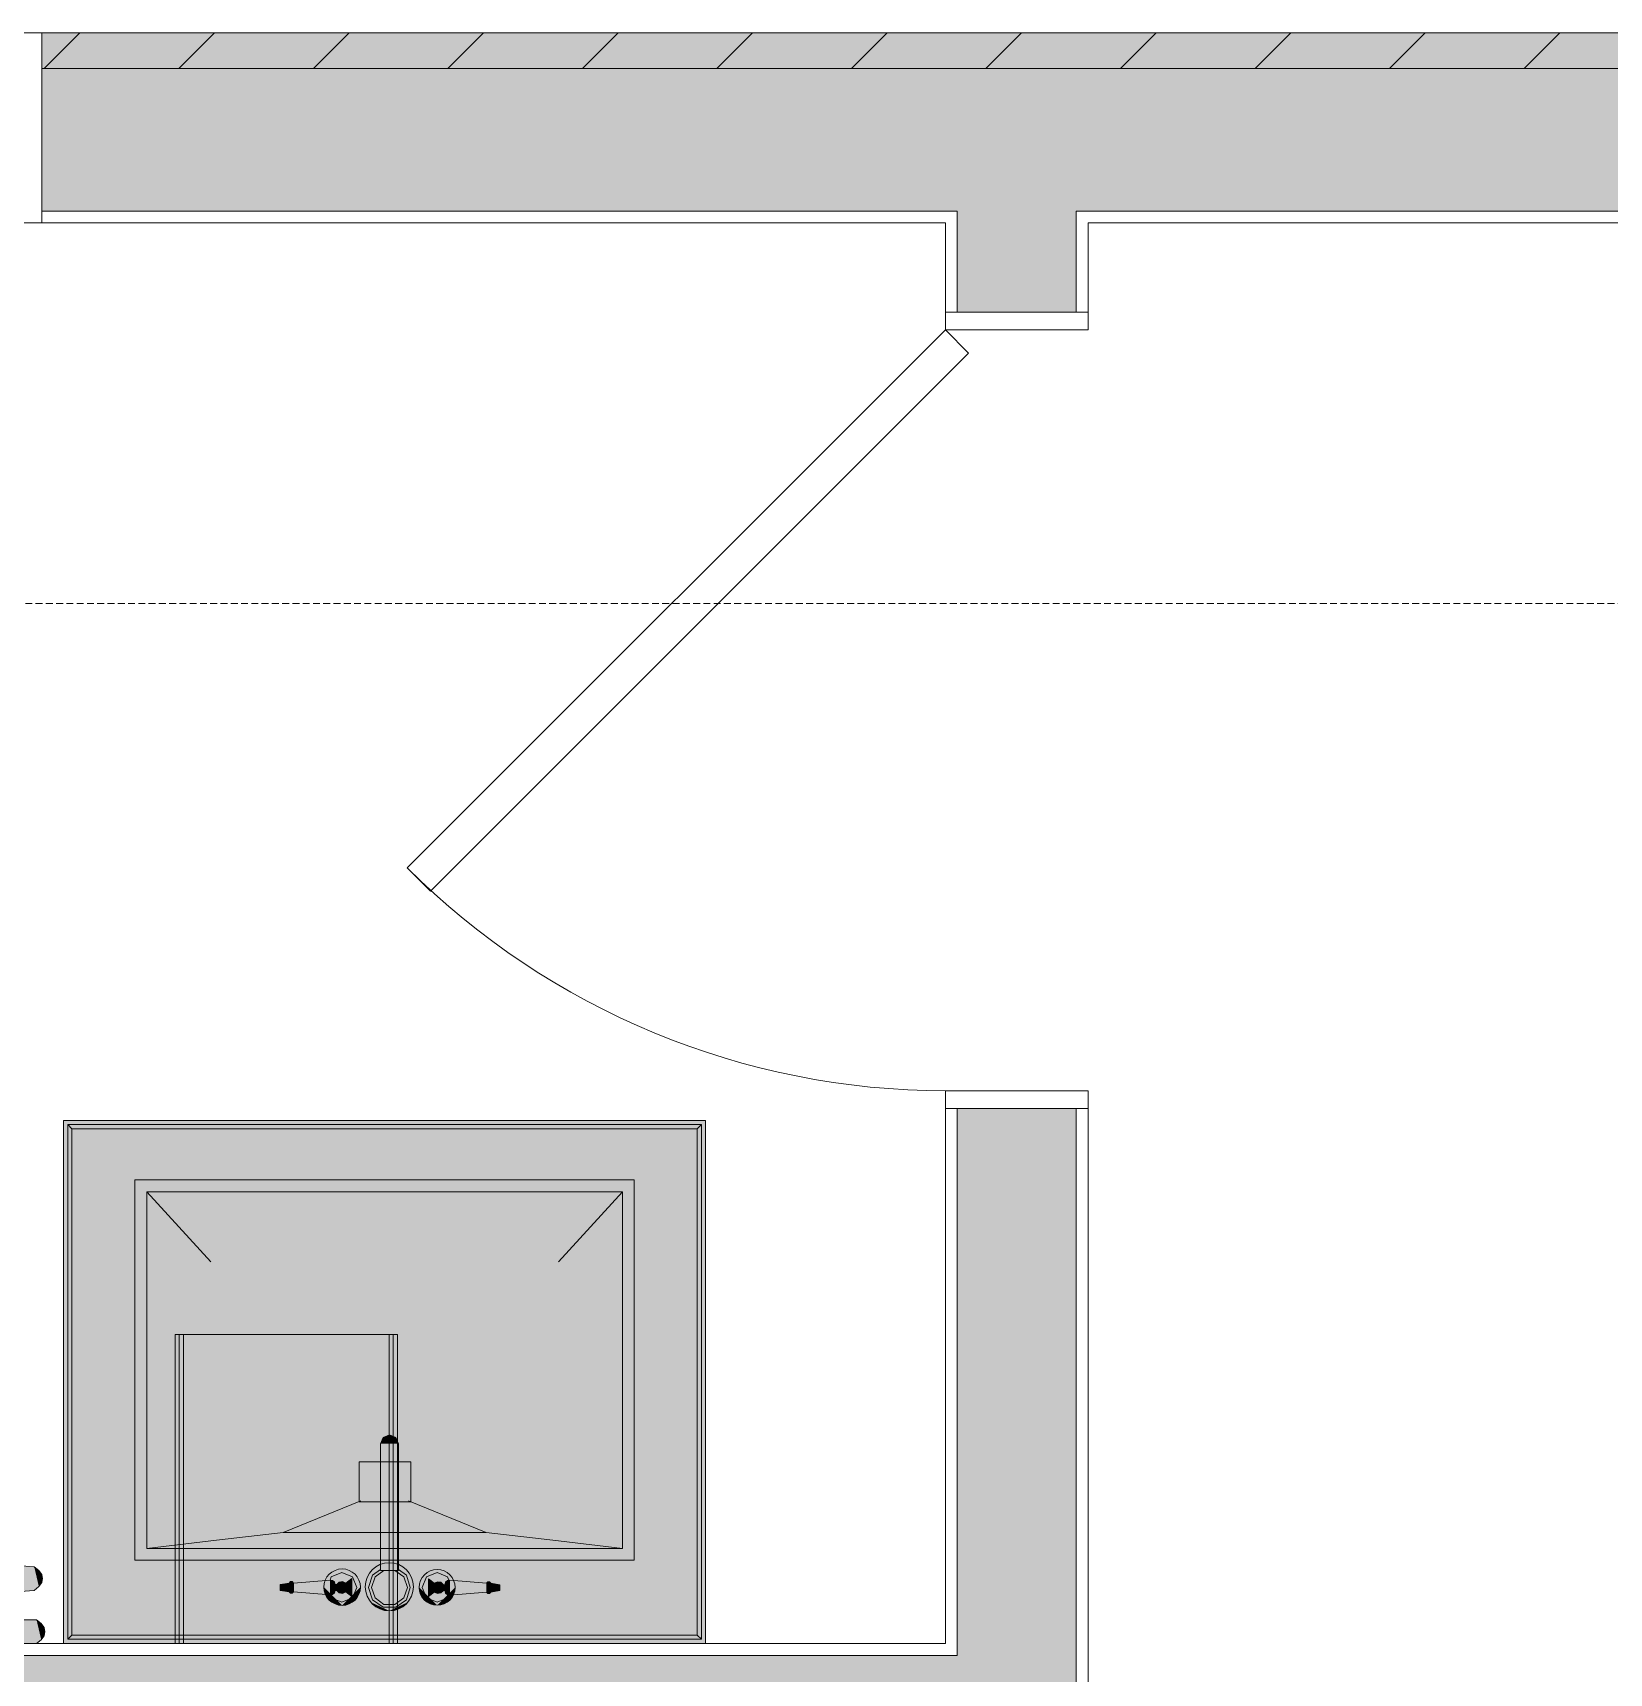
# Model space of a CAD drawing. Header units: inches. Extents: x 99 to 12024, y -5408 to 2559.
# Drawn here: x 8872.7 to 8939, y -4468 to -4399 of the extents above; entities that cross this region are included whole.
import ezdxf

# ---------------------------------------------------------------- set-up
doc = ezdxf.new("R2010")
doc.units = ezdxf.units.IN
doc.header["$LTSCALE"] = 96
doc.header["$MEASUREMENT"] = 0
doc.linetypes.add('Dash', pattern=[0.22499999999999998, 0.15, -0.075])
for name, color, linetype, lineweight in [('Doors', 5, 'Continuous', 5), ('Fixtures_ Interior', 231, 'Continuous', 0), ('Walls_  Normal', 6, 'Continuous', 13), ('Windows', 5, 'Continuous', 5)]:
    doc.layers.add(name, color=color, linetype=linetype, lineweight=lineweight)
doc.layers.add('Hatch', color=7, linetype='Continuous', lineweight=0, true_color=0x919191)

# ---------------------------------------------------------------- blocks, each defined once
blk = doc.blocks.new('Plumbing_Sinks_Bathroom Sinks_Without Fixtures_Console_Rectangular Console')
at = {"layer": 'Fixtures_ Interior', "color": 17, "lineweight": 0, "true_color": 0x804040, "transparency": 33554687}
for p, q in [((13.32322265025573, 0.1767773523326639), (13.32322265025573, 21.82322310543104)), ((-10.50000081380216, 18.49999967748468), (10.49999989827472, 18.49999967748468)), ((0.999998965793111, 16.00000016645953), (4.269268485828547, 17.33176933512176)), ((-7.305918063894296, 5.944081709487733), (-10.00000018649632, 3.000000145652095))]:
    blk.add_line(p, q, dxfattribs=at)
for points in [[(-13.5, 22.00000000000001), (13.5, 22.00000000000001), (13.5, 0), (-13.5, 0)], [(-1.068353585323763, 16.04542017668718), (1.108699136224971, 16.04542017668718), (1.108699136224971, 14.35996000516558), (-1.068353585323763, 14.35996000516558)]]:
    blk.add_lwpolyline(points, close=True, dxfattribs=at)
for points in [[(-13.32322356578317, 21.82322310543104), (13.32322265025573, 21.82322310543104), (13.14644530051146, 21.64644666862577), (-13.1464462160389, 21.64644666862577), (-13.1464462160389, 0.353554704665342), (13.14644530051146, 0.353554704665342)], [(-13.1464462160389, 21.64644666862577), (-13.32322356578317, 21.82322310543104), (-13.32322356578317, 0.1767773523326639)], [(-13.1464462160389, 0.353554704665342), (-13.32322356578317, 0.1767773523326639), (13.32322265025573, 0.1767773523326639), (13.14644530051146, 0.353554704665342), (13.14644530051146, 21.64644666862577)], [(10.49999989827472, 18.49999967748468), (10.49999989827472, 2.499999511025152), (-10.50000081380216, 2.499999511025152), (-10.50000081380216, 18.49999967748468)], [(-4.269269401355984, 17.33176933512176), (-7.305918063894296, 17.68091760646767), (-10.00000018649632, 17.99999995838513), (9.999999270968885, 17.99999995838513), (9.999999270968885, 3.000000145652095), (7.305917148366859, 5.944081709487733)], [(-10.00000018649632, 17.99999995838513), (-10.00000018649632, 3.000000145652095), (9.999999270968885, 3.000000145652095)], [(-0.999999881320548, 16.00000016645953), (-4.269269401355984, 17.33176933512176), (4.269268485828547, 17.33176933512176), (7.305917148366859, 17.68091760646767), (9.999999270968885, 17.99999995838513)]]:
    blk.add_lwpolyline(points, dxfattribs=at)
at = {"layer": 'Fixtures_ Interior', "color": 7, "lineweight": 0, "true_color": 0xffffff, "transparency": 33554687}
for points in [[(13.5, 22.00000000000001), (13.5, 0), (13.5, 22.00000000000001), (-13.5, 22.00000000000001)], [(-13.5, 22.00000000000001), (13.5, 0), (-13.5, 22.00000000000001), (-13.5, 0)], [(-1.068353585323763, 14.35996000516558), (-1.068353585323763, 16.04542017668718), (-1.068353585323763, 14.35996000516558), (1.108699136224971, 16.04542017668718)], [(1.108699136224971, 16.04542017668718), (1.108699136224971, 14.35996000516558), (1.108699136224971, 16.04542017668718), (-1.068353585323763, 14.35996000516558)]]:
    blk.add_solid(points, dxfattribs=at)
blk = doc.blocks.new('Plumbing_Faucets_Bathroom Fixtures_Deck Mounted_Classic')
at = {"layer": 'Fixtures_ Interior', "color": 17, "lineweight": 0, "true_color": 0x804040, "transparency": 33554687}
for p, q in [((-4.187143588360243, 6.596165840490471), (-4.108564135026029, 6.596165840490471)), ((-4.108564135026029, 6.251033069541677), (-4.187143588360243, 6.251033069541677)), ((-4.053983500398999, 6.236031563846836), (-4.053983500398999, 6.611167346185198))]:
    blk.add_line(p, q, dxfattribs=at)
for points in [[(-2.523346152540398, 6.733505386290403), (-2.468538117939147, 6.86570108401645), (-2.026028209955257, 7.048825630120746), (-1.583518301971367, 6.86570108401645), (-1.400224641123714, 6.423599455016074), (-1.583518301971367, 5.981497826015698), (-2.026028209955257, 5.798373279911402), (-2.468538117939147, 5.981497826015698), (-2.523346152540398, 6.113693523741745)], [(-0.3989392403809688, 5.667155118099572), (-0.7322565536040884, 5.909101052550909), (-0.8995819407523413, 6.423599455016074), (-0.7322565536040884, 6.938097471103447), (-0.2941944808301287, 7.256074835282561), (0.2472804373599615, 7.256074835282561), (0.6853425101339212, 6.938097471103447), (0.8526678972821742, 6.423599455016074), (0.6853425101339212, 5.909101052550909), (0.3520251969107449, 5.667155118099572)], [(2.476432109070231, 6.113693523741745), (2.42162407446898, 5.981497826015698), (1.979113779750435, 5.798373279911402), (1.5366042585012, 5.981497826015698), (1.353310597653547, 6.423599455016074), (1.5366042585012, 6.86570108401645), (1.979113779750435, 7.048825630120746), (2.42162407446898, 6.86570108401645), (2.476432109070231, 6.733505386290403)]]:
    blk.add_lwpolyline(points, dxfattribs=at)
for points in [[(-0.631000140596484, 6.864597975306879), (-0.2555179219506272, 7.137149670565123), (0.20860387848046, 7.137149670565123), (0.5840860971263169, 6.864597975306879), (0.7275074155566017, 6.423599455016074), (0.5840860971263169, 5.982600934725269), (0.20860387848046, 5.71004885308912), (-0.2555179219506272, 5.71004885308912), (-0.631000140596484, 5.982600934725269), (-0.7744214590268257, 6.423599455016074)], [(-2.337711218848369, 6.191494883026166), (-2.413409093578366, 6.127071469787552), (-2.519322565241566, 6.113372057385732), (-4.053983500398999, 6.236031563846836), (-4.108564135026029, 6.179553943427209), (-4.187143588360243, 6.179553943427209), (-4.241724609721928, 6.236031563846836), (-4.617206828367785, 6.298554451821815), (-4.617206828367785, 6.548644458210333), (-4.241724609721928, 6.611167346185198), (-4.187143588360243, 6.667644966604939), (-4.108564135026029, 6.667644966604939), (-4.053983500398999, 6.611167346185198), (-2.519322565241566, 6.733826852646416), (-2.413409093578366, 6.720127440244482), (-2.332109735450558, 6.650936443649584), (-2.301733662364484, 6.548644458210333), (-2.243587720998903, 6.548644458210333), (-2.137226410610992, 6.6480417009343), (-1.993486422829051, 6.671464697849387), (-1.861024390911098, 6.610984975848623), (-1.613349852670183, 6.798735237354435), (-1.613349852670183, 6.048463672677713), (-1.862189549359243, 6.237097185263224), (-1.995770765754628, 6.176106074618474), (-2.137226410610992, 6.199157209097848), (-2.243587720998903, 6.298554451821815), (-2.305919510155604, 6.298554451821815)], [(2.337711218848369, 6.663538518394262), (2.413409093578366, 6.727961931632876), (2.519322565241566, 6.741661344034696), (4.053983500398999, 6.619001837573592), (4.108564135026029, 6.67547945799322), (4.187143588360243, 6.67547945799322), (4.241724609721928, 6.619001837573592), (4.617206828367785, 6.556478949598613), (4.617206828367785, 6.306388943210095), (4.241724609721928, 6.24386605523523), (4.187143588360243, 6.187388434815489), (4.108564135026029, 6.187388434815489), (4.053983500398999, 6.24386605523523), (2.519322565241566, 6.121206548774012), (2.413409093578366, 6.134905961175946), (2.332109735450558, 6.204096957770844), (2.301733662364484, 6.306388943210095), (2.243587720998903, 6.306388943210095), (2.137226410610992, 6.206991700486128), (1.993486422829051, 6.183568703571041), (1.861024390911098, 6.244048425571805), (1.613349852670183, 6.056298164065993), (1.613349852670183, 6.806569728742716), (1.862189549359243, 6.617936216157204), (1.995770765754628, 6.678927326801954), (2.137226410610992, 6.65587619232258), (2.243587720998903, 6.556478949598613), (2.305919510155604, 6.556478949598613)], [(0.3520251969107449, 0.3751357823383614), (0.2420486910144746, 0.1098750367648336), (-0.02345702173511199, 0), (-0.2889627344846417, 0.1098750367648336), (-0.3989392403809688, 0.3751357823383614), (-0.3989392403809688, 5.716169077943732), (0.3520251969107449, 5.716169077943732)]]:
    blk.add_lwpolyline(points, close=True, dxfattribs=at)
for centre, radius in [((-2.014594084295879, 6.411675394647768), 0.7671344022226042), ((-0.02975973674494981, 6.394855214821881), 1.013109748855435), ((1.980874330755569, 6.421349356036687), 0.7534533548246306)]:
    blk.add_circle(centre, radius, dxfattribs=at)
at = {"layer": 'Fixtures_ Interior', "color": 7, "lineweight": 0, "true_color": 0xffffff, "transparency": 33554687}
for points in [[(-2.014594084295879, 7.178809796870372), (-2.73546462121547, 6.674050812845994), (-2.781728486518483, 6.411675394647768), (-2.770073991207085, 6.544886885619333)], [(-2.014594084295879, 7.178809796870372), (-2.781728486518483, 6.411675394647768), (-2.735464621215469, 6.149299976449542), (-2.770073991207085, 6.278463903676203)], [(-2.014594084295879, 7.178809796870372), (-2.602253130243904, 6.904779883360748), (-2.73546462121547, 6.674050812845994), (-2.678951964737644, 6.79524259575907)], [(-2.014594084295879, 7.178809796870372), (-2.735464621215469, 6.149299976449542), (-2.602253130243904, 5.918570905934788), (-2.678951964737644, 6.028108193536466)], [(-2.014594084295879, 7.178809796870372), (-2.398161285407181, 7.076033275089532), (-2.602253130243904, 6.904779883360748), (-2.507698573008859, 6.999334440595793)], [(-2.014594084295879, 7.178809796870372), (-2.602253130243904, 5.918570905934788), (-2.398161285407181, 5.747317514206003), (-2.507698573008859, 5.824016348699743)], [(-2.014594084295879, 7.178809796870372), (-2.147805575267445, 7.167155301558974), (-2.398161285407181, 7.076033275089532), (-2.276969502494106, 7.132545931567358)], [(-2.014594084295879, 7.178809796870372), (-2.398161285407181, 5.747317514206003), (-2.147805575267445, 5.656195487736562), (-2.276969502494106, 5.690804857728178)], [(-2.014594084295879, 7.178809796870372), (-2.147805575267445, 5.656195487736562), (-1.881382593324314, 5.656195487736562), (-2.014594084295879, 5.644540992425164)], [(-2.014594084295879, 7.178809796870372), (-1.881382593324314, 5.656195487736562), (-1.631026883184578, 5.747317514206004), (-1.752218666097654, 5.690804857728178)], [(-2.014594084295879, 7.178809796870372), (-1.631026883184578, 5.747317514206004), (-1.426935038347855, 5.918570905934788), (-1.5214895955829, 5.824016348699743)], [(-2.014594084295879, 7.178809796870372), (-1.426935038347855, 5.918570905934788), (-1.29372354737629, 6.149299976449542), (-1.350236203854116, 6.028108193536466)], [(-2.014594084295879, 7.178809796870372), (-1.29372354737629, 6.149299976449542), (-1.247459682073276, 6.411675394647768), (-1.259114177384674, 6.278463903676203)], [(-2.014594084295879, 7.178809796870372), (-1.247459682073276, 6.411675394647768), (-1.29372354737629, 6.674050812845993), (-1.259114177384674, 6.544886885619333)], [(-2.014594084295879, 7.178809796870372), (-1.29372354737629, 6.674050812845993), (-1.426935038347855, 6.904779883360747), (-1.350236203854116, 6.795242595759069)], [(-2.014594084295879, 7.178809796870372), (-1.426935038347855, 6.904779883360747), (-1.631026883184578, 7.076033275089531), (-1.5214895955829, 6.999334440595791)], [(-2.014594084295879, 7.178809796870372), (-1.631026883184578, 7.076033275089531), (-1.881382593324314, 7.167155301558973), (-1.752218666097654, 7.132545931567356)], [(-0.02975973674494981, 7.407964963677315), (-0.9817714917906666, 6.741359156330049), (-1.042869485600384, 6.394855214821881), (-1.027478072070033, 6.570779876487228)], [(-0.02975973674494981, 7.407964963677315), (-1.042869485600384, 6.394855214821881), (-0.9817714917906664, 6.048351273313713), (-1.027478072070032, 6.218930553156533)], [(-0.02975973674494981, 7.407964963677315), (-0.8058468301253189, 7.046069608638796), (-0.9817714917906666, 6.741359156330049), (-0.9071385160754288, 6.901410089249598)], [(-0.02975973674494981, 7.407964963677315), (-0.9817714917906664, 6.048351273313713), (-0.8058468301253187, 5.743640821004966), (-0.9071385160754286, 5.888300340394164)], [(-0.02975973674494981, 7.407964963677315), (-0.5363146111726671, 7.27223399415236), (-0.8058468301253189, 7.046069608638796), (-0.6809741305618647, 7.17094230820225)], [(-0.02975973674494981, 7.407964963677315), (-0.8058468301253187, 5.743640821004966), (-0.536314611172667, 5.517476435491402), (-0.6809741305618646, 5.618768121441512)], [(-0.2555179219506272, 7.137149670565123), (-0.2555179219506272, 5.71004885308912), (-0.2555179219506272, 7.137149670565123), (-0.631000140596484, 5.982600934725269)], [(-0.631000140596484, 6.864597975306879), (-0.2555179219506272, 7.137149670565123), (-0.631000140596484, 6.864597975306879), (-0.631000140596484, 5.982600934725269)], [(-0.02975973674494981, 7.407964963677315), (-0.2056843984102975, 7.392573550146964), (-0.5363146111726671, 7.27223399415236), (-0.3762636782531178, 7.346866969867598)], [(-0.02975973674494981, 7.407964963677315), (-0.536314611172667, 5.517476435491402), (-0.2056843984102976, 5.397136879496799), (-0.3762636782531178, 5.442843459776165)], [(-0.2555179219506272, 7.137149670565123), (0.20860387848046, 7.137149670565123), (-0.2555179219506272, 7.137149670565123), (0.20860387848046, 5.71004885308912)], [(0.20860387848046, 5.71004885308912), (-0.2555179219506272, 5.71004885308912), (0.20860387848046, 5.71004885308912), (-0.2555179219506272, 7.137149670565123)], [(-0.02975973674494981, 7.407964963677315), (-0.2056843984102976, 5.397136879496799), (0.1461649249203975, 5.397136879496799), (-0.02975973674495, 5.381745465966447)], [(-0.02975973674494981, 7.407964963677315), (0.1461649249203975, 5.397136879496799), (0.4767951376827669, 5.517476435491402), (0.3167442047632177, 5.442843459776165)], [(-0.02975973674494981, 7.407964963677315), (0.4767951376827669, 5.517476435491402), (0.7463273566354184, 5.743640821004966), (0.6214546570719645, 5.618768121441512)], [(-0.02975973674494981, 7.407964963677315), (0.7463273566354184, 5.743640821004966), (0.9222520183007659, 6.048351273313713), (0.8476190425855282, 5.888300340394164)], [(-0.02975973674494981, 7.407964963677315), (0.9222520183007659, 6.048351273313713), (0.9833500121104835, 6.394855214821881), (0.967958598580132, 6.218930553156533)], [(-0.02975973674494981, 7.407964963677315), (0.9833500121104835, 6.394855214821881), (0.9222520183007656, 6.741359156330049), (0.9679585985801319, 6.570779876487228)], [(-0.02975973674494981, 7.407964963677315), (0.9222520183007656, 6.741359156330049), (0.7463273566354182, 7.046069608638795), (0.847619042585528, 6.901410089249597)], [(-0.02975973674494981, 7.407964963677315), (0.7463273566354182, 7.046069608638795), (0.4767951376827668, 7.272233994152359), (0.6214546570719642, 7.170942308202249)], [(-0.02975973674494981, 7.407964963677315), (0.4767951376827668, 7.272233994152359), (0.1461649249203977, 7.392573550146962), (0.3167442047632177, 7.346866969867596)], [(0.20860387848046, 7.137149670565123), (0.5840860971263169, 6.864597975306879), (0.20860387848046, 7.137149670565123), (0.5840860971263169, 5.982600934725269)], [(0.20860387848046, 7.137149670565123), (0.5840860971263169, 5.982600934725269), (0.20860387848046, 7.137149670565123), (0.20860387848046, 5.71004885308912)], [(1.980874330755569, 7.174802710861318), (1.272859773120477, 6.679045580443013), (1.227420975930938, 6.421349356036687), (1.238867625391215, 6.55218515805902)], [(1.980874330755569, 7.174802710861318), (1.227420975930938, 6.421349356036687), (1.272859773120477, 6.163653131630362), (1.238867625391215, 6.290513554014355)], [(1.980874330755569, 7.174802710861318), (1.403695575142809, 6.905659836994715), (1.272859773120477, 6.679045580443013), (1.328364584910828, 6.798076033449003)], [(1.980874330755569, 7.174802710861318), (1.272859773120477, 6.163653131630362), (1.403695575142809, 5.93703887507866), (1.328364584910828, 6.044622678624372)], [(1.980874330755569, 7.174802710861318), (1.604147653343253, 7.073859101881428), (1.403695575142809, 6.905659836994715), (1.496563849797541, 6.998528111649447)], [(1.980874330755569, 7.174802710861318), (1.403695575142809, 5.93703887507866), (1.604147653343253, 5.768839610191947), (1.496563849797541, 5.844170600423928)], [(1.980874330755569, 7.174802710861318), (1.850038528733237, 7.163356061401042), (1.604147653343253, 7.073859101881428), (1.723178106349243, 7.12936391367178)], [(1.980874330755569, 7.174802710861318), (1.604147653343253, 5.768839610191947), (1.850038528733237, 5.679342650672334), (1.723178106349243, 5.713334798401596)], [(1.980874330755569, 7.174802710861318), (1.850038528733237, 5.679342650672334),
● ● ●
* _DIRECTIONS_:
The line containing "import ezdxf" marks the end: copy exactly every line from the start of the records up to and including it, leaving out the pictures.

* _WRITTEN REPLY_:
# Model space of a CAD drawing. Header units: inches. Extents: x 99 to 12024, y -5408 to 2559.
# Drawn here: x 8872.7 to 8939, y -4468 to -4399 of the extents above; entities that cross this region are included whole.
import ezdxf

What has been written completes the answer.